**WHAT IS REQUIRED:**
Your answer must be only the lines below from the one containing "At the start: 0 parts" through the one containing "R44: 1k, PCM_Resistor_SMD_AKL:R_0603_1608Metric, symbol", copied exactly, with the pictures left out.

(Stored data entries)
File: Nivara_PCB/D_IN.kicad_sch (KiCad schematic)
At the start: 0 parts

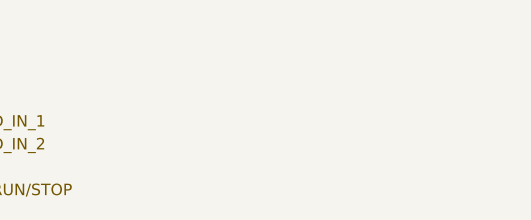
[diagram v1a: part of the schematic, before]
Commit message: Añadido de funciones NPN/PNP
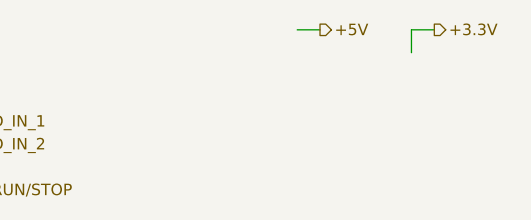
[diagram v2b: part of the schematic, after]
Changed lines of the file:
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@@
 	(generator_version "9.0")
 	(paper "A4")
+	(wire
+		(pts
+			(xy 107.95 71.12) (xy 107.95 73.66)
+		)
+		(stroke
+			(width 0)
+			(type default)
+		)
+	)
+	(wire
+		(pts
+			(xy 95.25 71.12) (xy 97.79 71.12)
+		)
+		(stroke
+			(width 0)
+			(type default)
+		)
+	)
+	(wire
+		(pts
+			(xy 110.49 71.12) (xy 107.95 71.12)
+		)
+		(stroke
+			(width 0)
+			(type default)
+		)
+	)
 	(hierarchical_label "D_IN_2"
 		(shape input)
 		(at 59.69 83.82 0)
+		(effects
+			(font
+				(size 1.27 1.27)
+			)
+			(justify left)
+		)
+	)
+	(hierarchical_label "+5V"
+		(shape output)
+		(at 97.79 71.12 0)
 		(effects
 			(font
@@
 		(effects
 			(font
+				(size 1.27 1.27)
+			)
+			(justify left)
+		)
+	)
+	(hierarchical_label "+3.3V"
+		(shape output)
+		(at 110.49 71.12 0)
+		(effects
+			(font

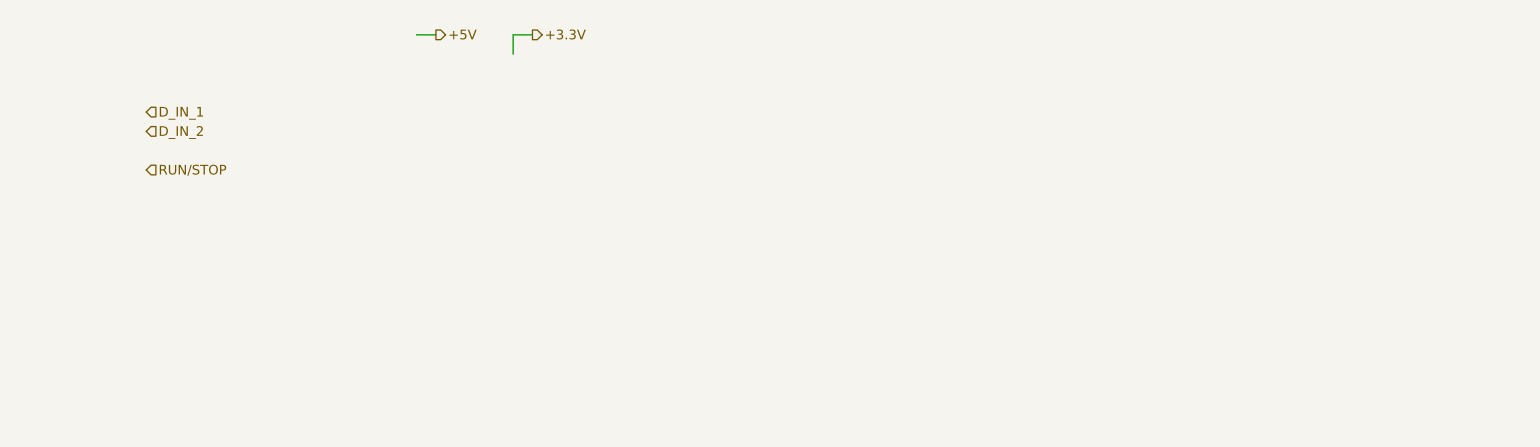
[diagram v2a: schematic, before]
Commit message: Cambios en las mediciones análogas.
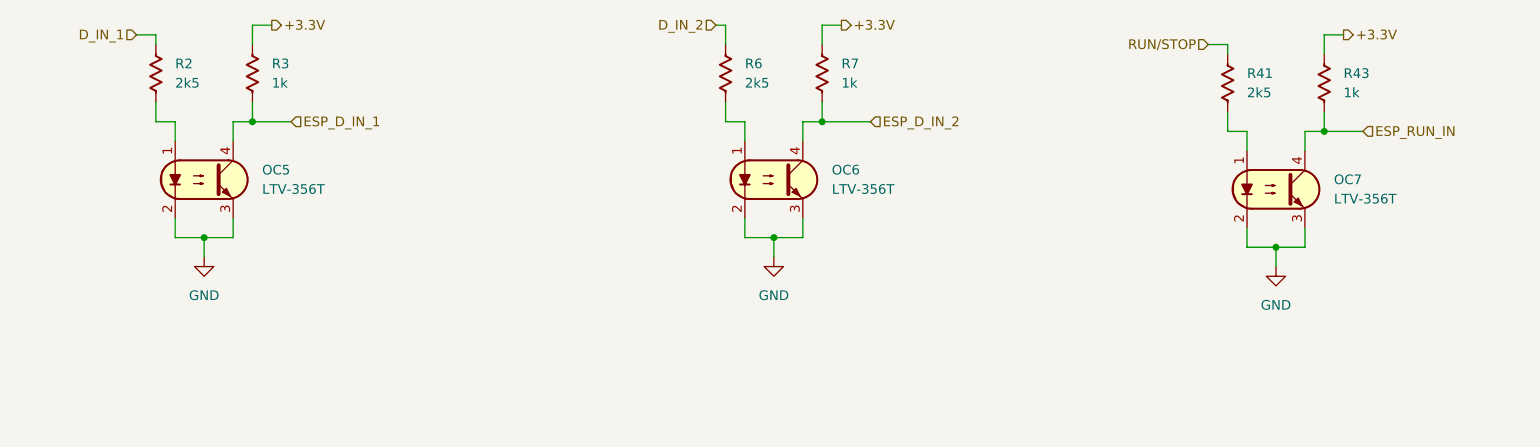
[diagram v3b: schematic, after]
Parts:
- added OC5, OC6, OC7: LTV-356T, PCM_Package_SO_AKL:SO-4_4.4x3.9mm_P2.54mm, symbol PCM_Optocoupler_AKL:LTV-356T
- added R2, R41, R6: 2k5, PCM_Resistor_SMD_AKL:R_0603_1608Metric, symbol PCM_Resistor_US_AKL:R_0603
- added R3, R43, R7: 1k, PCM_Resistor_SMD_AKL:R_0603_1608Metric, symbol PCM_Resistor_US_AKL:R_0603
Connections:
- net +3.3V: now also R3.1, R43.1, R7.1
- net D_IN_1: now also R2.1
- net D_IN_2: now also R6.1
- net RUN/STOP: now also R41.1
- new net: OC5.1, R2.2
- new net: OC7.1, R41.2
- new net: OC6.1, R6.2
- new net ESP_D_IN_1: OC5.4, R3.2
- new net ESP_D_IN_2: OC6.4, R7.2
- new net ESP_RUN_IN: OC7.4, R43.2
- new net GND: OC5.2, OC5.3, OC6.2, OC6.3, OC7.2, OC7.3

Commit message: Cambios en las salidas analogicas, ya que el ESP32 S3 no tiene DAC
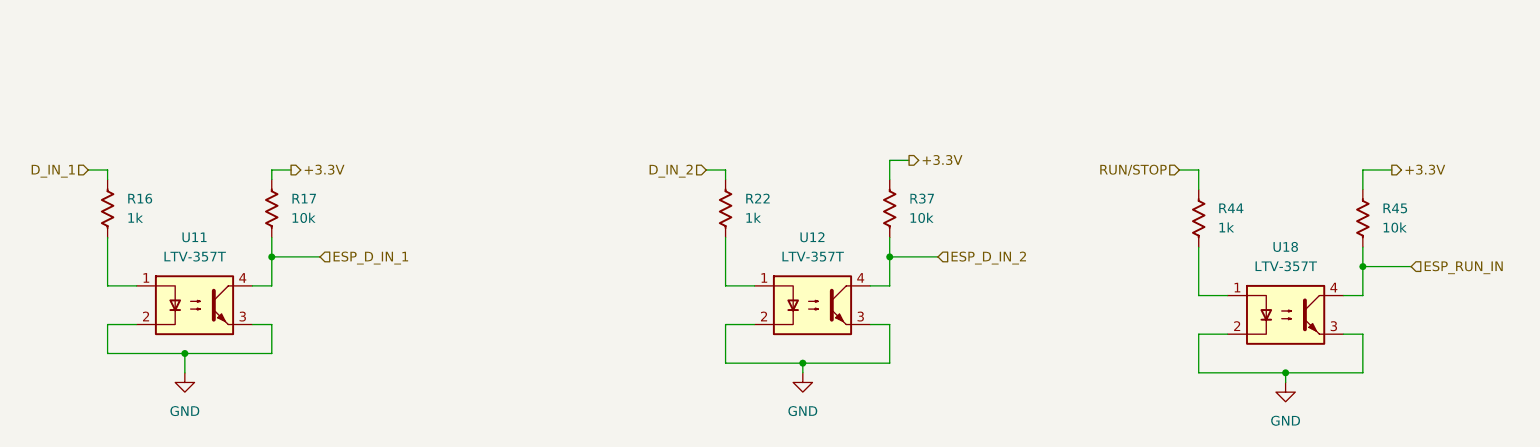
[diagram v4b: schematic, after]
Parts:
- removed OC5, OC6, OC7: LTV-356T, PCM_Package_SO_AKL:SO-4_4.4x3.9mm_P2.54mm, symbol PCM_Optocoupler_AKL:LTV-356T
- removed R2, R41, R6: 2k5, PCM_Resistor_SMD_AKL:R_0603_1608Metric, symbol PCM_Resistor_US_AKL:R_0603
- removed R3, R43, R7: 1k, PCM_Resistor_SMD_AKL:R_0603_1608Metric, symbol PCM_Resistor_US_AKL:R_0603
- added R16, R22, R44: 1k, PCM_Resistor_SMD_AKL:R_0603_1608Metric, symbol PCM_Resistor_US_AKL:R_0603
- added R17, R37, R45: 10k, PCM_Resistor_SMD_AKL:R_0603_1608Metric, symbol PCM_Resistor_US_AKL:R_0603
- added U11, U12, U18: LTV-357T, Package_SO:SO-4_4.4x3.6mm_P2.54mm, symbol Isolator:LTV-357T
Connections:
- net +3.3V: now also R17.1, R37.1, R45.1
- net D_IN_1: now also R16.1
- net D_IN_2: now also R22.1
- net ESP_D_IN_1: now also R17.2, U11.4
- net ESP_D_IN_2: now also R37.2, U12.4
- net ESP_RUN_IN: now also R45.2, U18.4
- net GND: now also U11.2, U11.3, U12.2, U12.3, U18.2, U18.3
- net RUN/STOP: now also R44.1
- new net: R44.2, U18.1
- new net: R22.2, U12.1
- new net: R16.2, U11.1

**COMPLETED EXERCISE:**
At the start: 0 parts

[diagram v1a: part of the schematic, before]
Commit message: Añadido de funciones NPN/PNP
[diagram v2b: part of the schematic, after]
Changed lines of the file:
@@
 	(generator_version "9.0")
 	(paper "A4")
+	(wire
+		(pts
+			(xy 107.95 71.12) (xy 107.95 73.66)
+		)
+		(stroke
+			(width 0)
+			(type default)
+		)
+	)
+	(wire
+		(pts
+			(xy 95.25 71.12) (xy 97.79 71.12)
+		)
+		(stroke
+			(width 0)
+			(type default)
+		)
+	)
+	(wire
+		(pts
+			(xy 110.49 71.12) (xy 107.95 71.12)
+		)
+		(stroke
+			(width 0)
+			(type default)
+		)
+	)
 	(hierarchical_label "D_IN_2"
 		(shape input)
 		(at 59.69 83.82 0)
+		(effects
+			(font
+				(size 1.27 1.27)
+			)
+			(justify left)
+		)
+	)
+	(hierarchical_label "+5V"
+		(shape output)
+		(at 97.79 71.12 0)
 		(effects
 			(font
@@
 		(effects
 			(font
+				(size 1.27 1.27)
+			)
+			(justify left)
+		)
+	)
+	(hierarchical_label "+3.3V"
+		(shape output)
+		(at 110.49 71.12 0)
+		(effects
+			(font

[diagram v2a: schematic, before]
Commit message: Cambios en las mediciones análogas.
[diagram v3b: schematic, after]
Parts:
- added OC5, OC6, OC7: LTV-356T, PCM_Package_SO_AKL:SO-4_4.4x3.9mm_P2.54mm, symbol PCM_Optocoupler_AKL:LTV-356T
- added R2, R41, R6: 2k5, PCM_Resistor_SMD_AKL:R_0603_1608Metric, symbol PCM_Resistor_US_AKL:R_0603
- added R3, R43, R7: 1k, PCM_Resistor_SMD_AKL:R_0603_1608Metric, symbol PCM_Resistor_US_AKL:R_0603
Connections:
- net +3.3V: now also R3.1, R43.1, R7.1
- net D_IN_1: now also R2.1
- net D_IN_2: now also R6.1
- net RUN/STOP: now also R41.1
- new net: OC5.1, R2.2
- new net: OC7.1, R41.2
- new net: OC6.1, R6.2
- new net ESP_D_IN_1: OC5.4, R3.2
- new net ESP_D_IN_2: OC6.4, R7.2
- new net ESP_RUN_IN: OC7.4, R43.2
- new net GND: OC5.2, OC5.3, OC6.2, OC6.3, OC7.2, OC7.3

Commit message: Cambios en las salidas analogicas, ya que el ESP32 S3 no tiene DAC
[diagram v4b: schematic, after]
Parts:
- removed OC5, OC6, OC7: LTV-356T, PCM_Package_SO_AKL:SO-4_4.4x3.9mm_P2.54mm, symbol PCM_Optocoupler_AKL:LTV-356T
- removed R2, R41, R6: 2k5, PCM_Resistor_SMD_AKL:R_0603_1608Metric, symbol PCM_Resistor_US_AKL:R_0603
- removed R3, R43, R7: 1k, PCM_Resistor_SMD_AKL:R_0603_1608Metric, symbol PCM_Resistor_US_AKL:R_0603
- added R16, R22, R44: 1k, PCM_Resistor_SMD_AKL:R_0603_1608Metric, symbol PCM_Resistor_US_AKL:R_0603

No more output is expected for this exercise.